— Exercise prompt —
Search the records below for the word "Commit". Copy each line where it occurs.
== == ==
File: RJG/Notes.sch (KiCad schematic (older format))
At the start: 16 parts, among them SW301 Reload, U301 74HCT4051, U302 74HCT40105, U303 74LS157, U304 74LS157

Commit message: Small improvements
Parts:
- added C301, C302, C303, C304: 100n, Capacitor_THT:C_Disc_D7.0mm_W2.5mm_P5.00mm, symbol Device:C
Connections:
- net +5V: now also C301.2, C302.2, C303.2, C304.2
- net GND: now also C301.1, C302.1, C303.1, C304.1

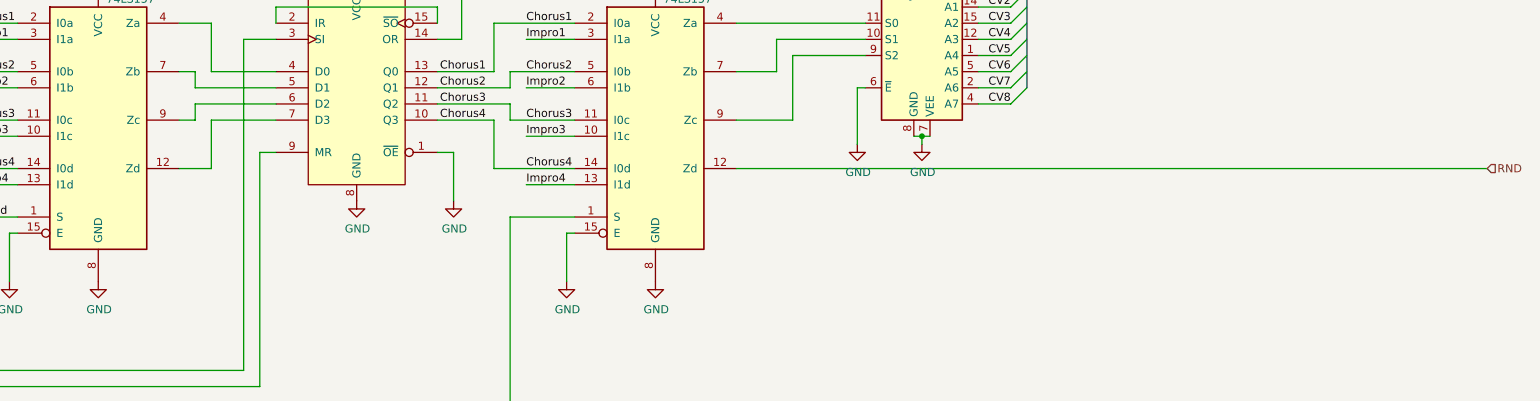
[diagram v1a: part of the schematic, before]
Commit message: Schematic done
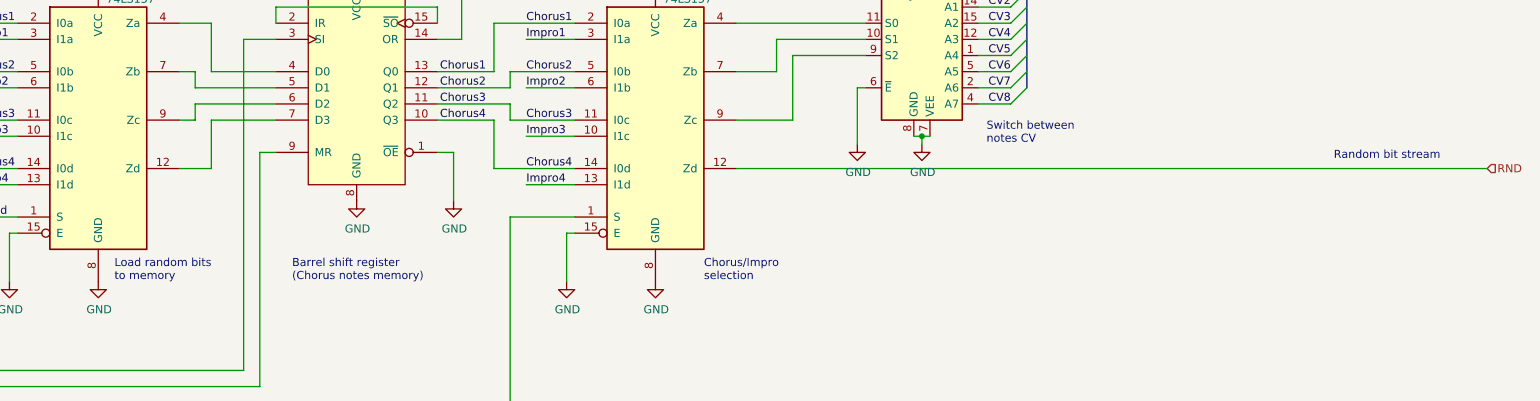
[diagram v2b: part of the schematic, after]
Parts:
- D301: footprint (none) -> LED_THT:LED_D3.0mm
- RV301, RV302, RV303, RV304, RV305, RV306, RV307, RV308: footprint Potentiometer_THT:Potentiometer_Alpha_RD901F-40-00D_Single_Vertical -> Potentiometer_THT:Potentiometer_Alps_RK09K_Single_Vertical
- SW301: footprint (none) -> Button_Switch_THT:SW_PUSH_6mm
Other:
- note added: "Barrel shift register\n(Chorus notes memory)"
- note added: "Chorus/Impro\nselection"
- note added: "Load random bits\nto memory"
- note added: "Random bit stream"
- note added: "Switch between\nnotes CV"
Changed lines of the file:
@@
 F 0 "D301" V 4539 1883 50  0000 R CNN
 F 1 "LED" V 4448 1883 50  0000 R CNN
-F 2 "" H 4500 2000 50  0001 C CNN
+F 2 "LED_THT:LED_D3.0mm" H 4500 2000 50  0001 C CNN
 F 3 "~" H 4500 2000 50  0001 C CNN
 	1    4500 2000
@@
 F 0 "SW301" H 2050 1385 50  0000 C CNN
 F 1 "Reload" H 2050 1294 50  0000 C CNN
-F 2 "" H 2050 1150 50  0001 C CNN
+F 2 "Button_Switch_THT:SW_PUSH_6mm" H 2050 1150 50  0001 C CNN
 F 3 "~" H 2050 1150 50  0001 C CNN
 	1    2050 1150
@@
 F 0 "RV308" H 9931 1096 50  0000 R CNN
 F 1 "100k" H 9931 1005 50  0000 R CNN
-F 2 "Potentiometer_THT:Potentiometer_Alpha_RD901F-40-00D_Single_Vertical" H 10000 1050 50  0001 C CNN
+F 2 "Potentiometer_THT:Potentiometer_Alps_RK09K_Single_Vertical" H 10000 1050 50  0001 C CNN
 F 3 "~" H 10000 1050 50  0001 C CNN
 	1    10000 1050
@@
 F 0 "RV307" H 9231 1096 50  0000 R CNN
 F 1 "100k" H 9231 1005 50  0000 R CNN
-F 2 "Potentiometer_THT:Potentiometer_Alpha_RD901F-40-00D_Single_Vertical" H 9300 1050 50  0001 C CNN
+F 2 "Potentiometer_THT:Potentiometer_Alps_RK09K_Single_Vertical" H 9300 1050 50  0001 C CNN
 F 3 "~" H 9300 1050 50  0001 C CNN
 	1    9300 1050
@@
 F 0 "RV306" H 8531 1096 50  0000 R CNN
 F 1 "100k" H 8531 1005 50  0000 R CNN
-F 2 "Potentiometer_THT:Potentiometer_Alpha_RD901F-40-00D_Single_Vertical" H 8600 1050 50  0001 C CNN
+F 2 "Potentiometer_THT:Potentiometer_Alps_RK09K_Single_Vertical" H 8600 1050 50  0001 C CNN
 F 3 "~" H 8600 1050 50  0001 C CNN
 	1    8600 1050
@@
 F 0 "RV305" H 7831 1096 50  0000 R CNN
 F 1 "100k" H 7831 1005 50  0000 R CNN
-F 2 "Potentiometer_THT:Potentiometer_Alpha_RD901F-40-00D_Single_Vertical" H 7900 1050 50  0001 C CNN
+F 2 "Potentiometer_THT:Potentiometer_Alps_RK09K_Single_Vertical" H 7900 1050 50  0001 C CNN
 F 3 "~" H 7900 1050 50  0001 C CNN
 	1    7900 1050
@@
 F 0 "RV304" H 7131 1096 50  0000 R CNN
 F 1 "100k" H 7131 1005 50  0000 R CNN
-F 2 "Potentiometer_THT:Potentiometer_Alpha_RD901F-40-00D_Single_Vertical" H 7200 1050 50  0001 C CNN
+F 2 "Potentiometer_THT:Potentiometer_Alps_RK09K_Single_Vertical" H 7200 1050 50  0001 C CNN
 F 3 "~" H 7200 1050 50  0001 C CNN
 	1    7200 1050
@@
 F 0 "RV303" H 6431 1096 50  0000 R CNN
 F 1 "100k" H 6431 1005 50  0000 R CNN
-F 2 "Potentiometer_THT:Potentiometer_Alpha_RD901F-40-00D_Single_Vertical" H 6500 1050 50  0001 C CNN
+F 2 "Potentiometer_THT:Potentiometer_Alps_RK09K_Single_Vertical" H 6500 1050 50  0001 C CNN
 F 3 "~" H 6500 1050 50  0001 C CNN
 	1    6500 1050
@@
 F 0 "RV302" H 5731 1096 50  0000 R CNN
 F 1 "100k" H 5731 1005 50  0000 R CNN
-F 2 "Potentiometer_THT:Potentiometer_Alpha_RD901F-40-00D_Single_Vertical" H 5800 1050 50  0001 C CNN
+F 2 "Potentiometer_THT:Potentiometer_Alps_RK09K_Single_Vertical" H 5800 1050 50  0001 C CNN
 F 3 "~" H 5800 1050 50  0001 C CNN
 	1    5800 1050
@@
 F 0 "RV301" H 5031 1096 50  0000 R CNN
 F 1 "100k" H 5031 1005 50  0000 R CNN
-F 2 "Potentiometer_THT:Potentiometer_Alpha_RD901F-40-00D_Single_Vertical" H 5100 1050 50  0001 C CNN
+F 2 "Potentiometer_THT:Potentiometer_Alps_RK09K_Single_Vertical" H 5100 1050 50  0001 C CNN
 F 3 "~" H 5100 1050 50  0001 C CNN
 	1    5100 1050
@@
 Wire Bus Line
 	8000 1450 8000 2900
+Text Notes 2350 4100 0    50   ~ 0
+Load random bits\nto memory
+Text Notes 3450 4100 0    50   ~ 0
+Barrel shift register\n(Chorus notes memory)
+Text Notes 6000 4100 0    50   ~ 0
+Chorus/Impro\nselection
+Text Notes 7750 3250 0    50   ~ 0
+Switch between\nnotes CV
+Text Notes 9900 3350 0    50   ~ 0
+Random bit stream
 $EndSCHEMATC

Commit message: Layout improvment
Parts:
- D301: footprint LED_THT:LED_D3.0mm -> LED_SMD:LED_1206_3216Metric_ReverseMount_Hole1.8x2.4mm
- R302: footprint Resistor_THT:R_Axial_DIN0204_L3.6mm_D1.6mm_P7.62mm_Horizontal -> Resistor_SMD:R_1206_3216Metric_Pad1.42x1.75mm_HandSolder
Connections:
- net Chorus2: now also U303.14 (I0d), U304.14 (I0d); no longer U303.5 (I0b), U304.5 (I0b)
- net Chorus3: now also U303.5 (I0b), U304.5 (I0b); no longer U303.11 (I0c), U304.11 (I0c)
- net Chorus4: now also U303.11 (I0c), U304.11 (I0c); no longer U303.14 (I0d), U304.14 (I0d)
- net Rb2: now also U303.13 (I1d), U304.13 (I1d); no longer U303.6 (I1b), U304.6 (I1b)
- net Rb3: now also U303.6 (I1b), U304.6 (I1b); no longer U303.10 (I1c), U304.10 (I1c)
- net Rb4: now also U303.10 (I1c), U304.10 (I1c); no longer U303.13 (I1d), U304.13 (I1d)
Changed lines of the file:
@@
 F 0 "R302" H 4570 1696 50  0000 L CNN
 F 1 "1k" H 4570 1605 50  0000 L CNN
-F 2 "Resistor_THT:R_Axial_DIN0204_L3.6mm_D1.6mm_P7.62mm_Horizontal" V 4430 1650 50  0001 C CNN
+F 2 "Resistor_SMD:R_1206_3216Metric_Pad1.42x1.75mm_HandSolder" V 4430 1650 50  0001 C CNN
 F 3 "~" H 4500 1650 50  0001 C CNN
 	1    4500 1650
@@
 U 1 1 5F5E61CF
 P 4500 2000
-F 0 "D301" V 4539 1883 50  0000 R CNN
-F 1 "LED" V 4448 1883 50  0000 R CNN
-F 2 "LED_THT:LED_D3.0mm" H 4500 2000 50  0001 C CNN
+F 0 "D301" V 4539 1882 50  0000 R CNN
+F 1 "LED" V 4448 1882 50  0000 R CNN
+F 2 "LED_SMD:LED_1206_3216Metric_ReverseMount_Hole1.8x2.4mm" H 4500 2000 50  0001 C CNN
 F 3 "~" H 4500 2000 50  0001 C CNN
 	1    4500 2000
@@
 $EndComp
 Wire Wire Line
-	4700 3400 5200 3400
-Wire Wire Line
-	4350 3100 4700 3100
-Wire Wire Line
-	4700 3100 4700 3400
-Wire Wire Line
-	4800 3100 5200 3100
-Wire Wire Line
-	4350 3000 4800 3000
-Wire Wire Line
-	4800 3000 4800 3100
-Wire Wire Line
-	4800 2800 5200 2800
-Wire Wire Line
-	4350 2900 4800 2900
-Wire Wire Line
-	4800 2900 4800 2800
-Wire Wire Line
-	4700 2500 5200 2500
-Wire Wire Line
-	4350 2800 4700 2800
-Wire Wire Line
-	4700 2800 4700 2500
+	4900 3400 5200 3400
+Wire Wire Line
+	4350 3100 4650 3100
+Wire Wire Line
+	4900 2800 5200 2800
+Wire Wire Line
+	4350 3000 4650 3000
+Wire Wire Line
+	4900 3100 5200 3100
+Wire Wire Line
+	4350 2900 4650 2900
+Wire Wire Line
+	4900 2500 5200 2500
+Wire Wire Line
+	4350 2800 4650 2800
 Wire Wire Line
 	3250 3300 3250 4750
@@
 Impro1
 Wire Wire Line
+	5200 3200 4900 3200
+Text Label 4900 3400 0    50   ~ 0
+Chorus2
+Text Label 4900 3500 0    50   ~ 0
+Impro2
+Wire Wire Line
 	5200 2900 4900 2900
 Text Label 4900 2800 0    50   ~ 0
-Chorus2
+Chorus3
 Text Label 4900 2900 0    50   ~ 0
-Impro2
-Wire Wire Line
-	5200 3200 4900 3200
+Impro3
+Wire Wire Line
+	5200 3500 4900 3500
 Text Label 4900 3100 0    50   ~ 0
-Chorus3
+Chorus4
 Text Label 4900 3200 0    50   ~ 0
-Impro3
-Wire Wire Line
-	5200 3500 4900 3500
-Text Label 4900 3400 0    50   ~ 0
-Chorus4
-Text Label 4900 3500 0    50   ~ 0
 Impro4
 Text Label 4650 2800 2    50   ~ 0
@@
 Wire Wire Line
 	1750 3700 1450 3700
-Text Label 1450 3500 0    50   ~ 0
+Text Label 1450 3200 0    50   ~ 0
 Impro4
-Text Label 1450 3400 0    50   ~ 0
+Text Label 1450 3100 0    50   ~ 0
 Chorus4
-Wire Wire Line
-	1750 3500 1450 3500
-Wire Wire Line
-	1750 3400 1450 3400
-Text Label 1450 3200 0    50   ~ 0
-Impro3
-Text Label 1450 3100 0    50   ~ 0
-Chorus3
 Wire Wire Line
 	1750 3200 1450 3200
@@
 	1750 3100 1450 3100
 Text Label 1450 2900 0    50   ~ 0
+Impro3
+Text Label 1450 2800 0    50   ~ 0
+Chorus3
+Wire Wire Line
+	1750 2900 1450 2900
+Wire Wire Line
+	1750 2800 1450 2800
+Text Label 1450 3500 0    50   ~ 0
 Impro2
-Text Label 1450 2800 0    50   ~ 0
+Text Label 1450 3400 0    50   ~ 0
 Chorus2
 Wire Wire Line
-	1750 2900 1450 2900
-Wire Wire Line
-	1750 2800 1450 2800
+	1750 3500 1450 3500
+Wire Wire Line
+	1750 3400 1450 3400
 Text Label 1450 2600 0    50   ~ 0
 Impro1
@@
 	1    0    0    -1
 $EndComp
-Wire Bus Line
-	5550 1450 8000 1450
-Wire Bus Line
-	8000 1450 10250 1450
-Wire Bus Line
-	8000 1450 8000 2900
 Text Notes 2350 4100 0    50   ~ 0
 Load random bits\nto memory
@@
 Text Notes 9900 3350 0    50   ~ 0
 Random bit stream
+Wire Bus Line
+	5550 1450 8000 1450
+Wire Bus Line
+	8000 1450 10250 1450
+Wire Bus Line
+	8000 1450 8000 2900
 $EndSCHEMATC

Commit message: Finsihed layout
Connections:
- net at U301.11 (S0): now also U304.9 (Zc); no longer U304.4 (Za)
- net at U301.9 (S2): now also U304.4 (Za); no longer U304.9 (Zc)
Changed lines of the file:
@@
 	6450 2600 7000 2600
 Wire Wire Line
-	6200 3100 6550 3100
-Wire Wire Line
-	6550 3100 6550 2700
-Wire Wire Line
-	6550 2700 7000 2700
-Wire Wire Line
-	6200 2500 7000 2500
+	6200 3100 6650 3100
 Wire Wire Line
 	7700 2300 7900 2300
@@
 Text Notes 9900 3350 0    50   ~ 0
 Random bit stream
+Wire Wire Line
+	6650 2500 7000 2500
+Wire Wire Line
+	6650 2500 6650 3100
+Wire Wire Line
+	7000 2700 6550 2700
+Wire Wire Line
+	6550 2700 6550 2500
+Wire Wire Line
+	6550 2500 6200 2500
 Wire Bus Line
 	5550 1450 8000 1450

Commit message: Corrected error
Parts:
- added D302, D303, D304, D305: LED, LED_SMD:LED_1206_3216Metric_ReverseMount_Hole1.8x2.4mm, symbol Device:LED
- added R303, R304, R305, R306: 1k, Resistor_SMD:R_1206_3216Metric_Pad1.42x1.75mm_HandSolder, symbol Device:R
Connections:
- net Chorus2: now also U303.5 (I0b); no longer U303.14 (I0d)
- net Chorus3: now also U303.11 (I0c); no longer U303.5 (I0b)
- net Chorus4: now also U303.14 (I0d); no longer U303.11 (I0c)
- net GND: now also D302.1 (K), D303.1 (K), D304.1 (K), D305.1 (K)
- net RND: now also R306.1
- net S1: now reaches U301.10 (S1), U304.7 (Zb)
- net S1: now also R304.1
- net S0: now reaches U301.11 (S0), U304.9 (Zc)
- net S0: now also R303.1
- net S2: now reaches U301.9 (S2), U304.4 (Za)
- net S2: now also R305.1
- net Full: now reaches D301.1 (K), U302.14 (OR)
- new net: D302.2 (A), R303.2
- new net: D303.2 (A), R304.2
- new net: D304.2 (A), R305.2
- new net: D305.2 (A), R306.2
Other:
- moved on the sheet: D301, R302, U304

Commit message: Minor tweaks; added BOM
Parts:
- U303, U304: value 74LS157 -> 74HCT157
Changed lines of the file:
@@
 AR Path="/5F424A92/5F4279E7" Ref="U304"  Part="1"
 F 0 "U304" H 6000 3950 50  0000 C CNN
-F 1 "74LS157" H 6050 3850 50  0000 C CNN
+F 1 "74HCT157" H 6050 3850 50  0000 C CNN
 F 2 "Package_DIP:DIP-16_W7.62mm_LongPads" H 5850 3100 50  0001 C CNN
 F 3 "http://www.ti.com/lit/gpn/sn74LS157" H 5850 3100 50  0001 C CNN
@@
 AR Path="/5F424A92/5F4F7408" Ref="U303"  Part="1"
 F 0 "U303" H 2400 3950 50  0000 C CNN
-F 1 "74LS157" H 2450 3850 50  0000 C CNN
+F 1 "74HCT157" H 2450 3850 50  0000 C CNN
 F 2 "Package_DIP:DIP-16_W7.62mm_LongPads" H 2250 3100 50  0001 C CNN
 F 3 "http://www.ti.com/lit/gpn/sn74LS157" H 2250 3100 50  0001 C CNN

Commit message: fix stuffs
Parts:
- added C?: 1u, Capacitor_THT:CP_Radial_D8.0mm_P3.80mm, symbol Device:CP
- added C?: 10u, Capacitor_THT:CP_Radial_D8.0mm_P3.80mm, symbol Device:CP
- added D? (x2): 1N4148, Diode_THT:D_DO-35_SOD27_P7.62mm_Horizontal, symbol Diode:1N4148
- added R?: 100k, Resistor_THT:R_Axial_DIN0204_L3.6mm_D1.6mm_P7.62mm_Horizontal, symbol Device:R
- added R? (x2): 47k, Resistor_THT:R_Axial_DIN0204_L3.6mm_D1.6mm_P7.62mm_Horizontal, symbol Device:R
- added U?: 74HCT194, symbol 74xx:74LS194
- added U? (x2): NE555, symbol Timer:NE555
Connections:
- net +5V: now also R301.1, R?.1, R?.1, U?.1 (Mr), U?.10 (S1), U?.16 (VCC), U?.2 (Dsr), U?.4 (R), U?.4 (R), U?.7 (Dsl), U?.8 (VCC), U?.8 (VCC), U?.9 (S0); no longer SW301.1 (A)
- net Clk: now also U?.2 (TR); no longer U302.3 (SI)
- net Full: now also U302.2 (IR); no longer U302.14 (OR)
- net GND: now also SW301.1 (A), C?.2, C?.2, R?.2, U?.1 (GND), U?.1 (GND), U?.8 (GND); no longer R301.2
- net Reload: now also D?.2 (A), U?.3 (Q); no longer R301.1, SW301.2 (B)
- net at U303.12 (Zd): now also U?.6 (P3); no longer U302.7 (D3)
- net at U303.4 (Za): now also U?.3 (P0); no longer U302.4 (D0)
- net at U303.7 (Zb): now also U?.4 (P1); no longer U302.5 (D1)
- net at U303.9 (Zc): now also U?.5 (P2); no longer U302.6 (D2)
- net ~Barrel~\Shift: now reaches U302.15 (~SO)
- net ~Barrel~\Shift: now also D?.1 (K), D?.1 (K), R?.1; no longer U302.2 (IR)
- new net: R301.2, SW301.2 (B), U?.2 (TR)
- new net: U302.4 (D0), U?.15 (Q0)
- new net: U302.5 (D1), U?.14 (Q1)
- new net: U302.6 (D2), U?.13 (Q2)
- new net: U302.7 (D3), U?.12 (Q3)
- new net: C?.1, R?.2, U?.6 (THR), U?.7 (DIS) (x2)
- new net Clk_Clean: D?.2 (A), U302.3 (SI), U?.3 (Q)
- new net PreClk: U?.11 (Cp)
- no-connect marks 0 -> 3
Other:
- note added: "0 1 2 0 1 2 3"
- note added: "17bits total, but as the input is\nthe same as the output, only\n16bits effective"
- note added: "4*1bit register"
- note added: "Apparently the FIFO needs that,\nmaybe for buffering, maybe\nbecause it invert the signal..."
- note added: "Barrel shift register (4*16bits)\n(Chorus notes memory)"
- note added: "Clk"
- note added: "Clk_Clean"
- note added: "Main Clock"
- note added: "Monostable \nfor debouncing"
- note added: "PreClk"
- note added: "Pressing the reload button will prevent\nthe clock (by holding it high) to go \nto the Shift Output,\nallowing the register to fill up"
- note removed: "Barrel shift register\n(Chorus notes memory)"
- moved on the sheet: C301, C302, C303, C304, D301, D302, D303, D304, D305, R301, R302, R303
== == ==
— Result below —
Commit message: Small improvements
Commit message: Schematic done
Commit message: Layout improvment
Commit message: Finsihed layout
Commit message: Corrected error
Commit message: Minor tweaks; added BOM
Commit message: fix stuffs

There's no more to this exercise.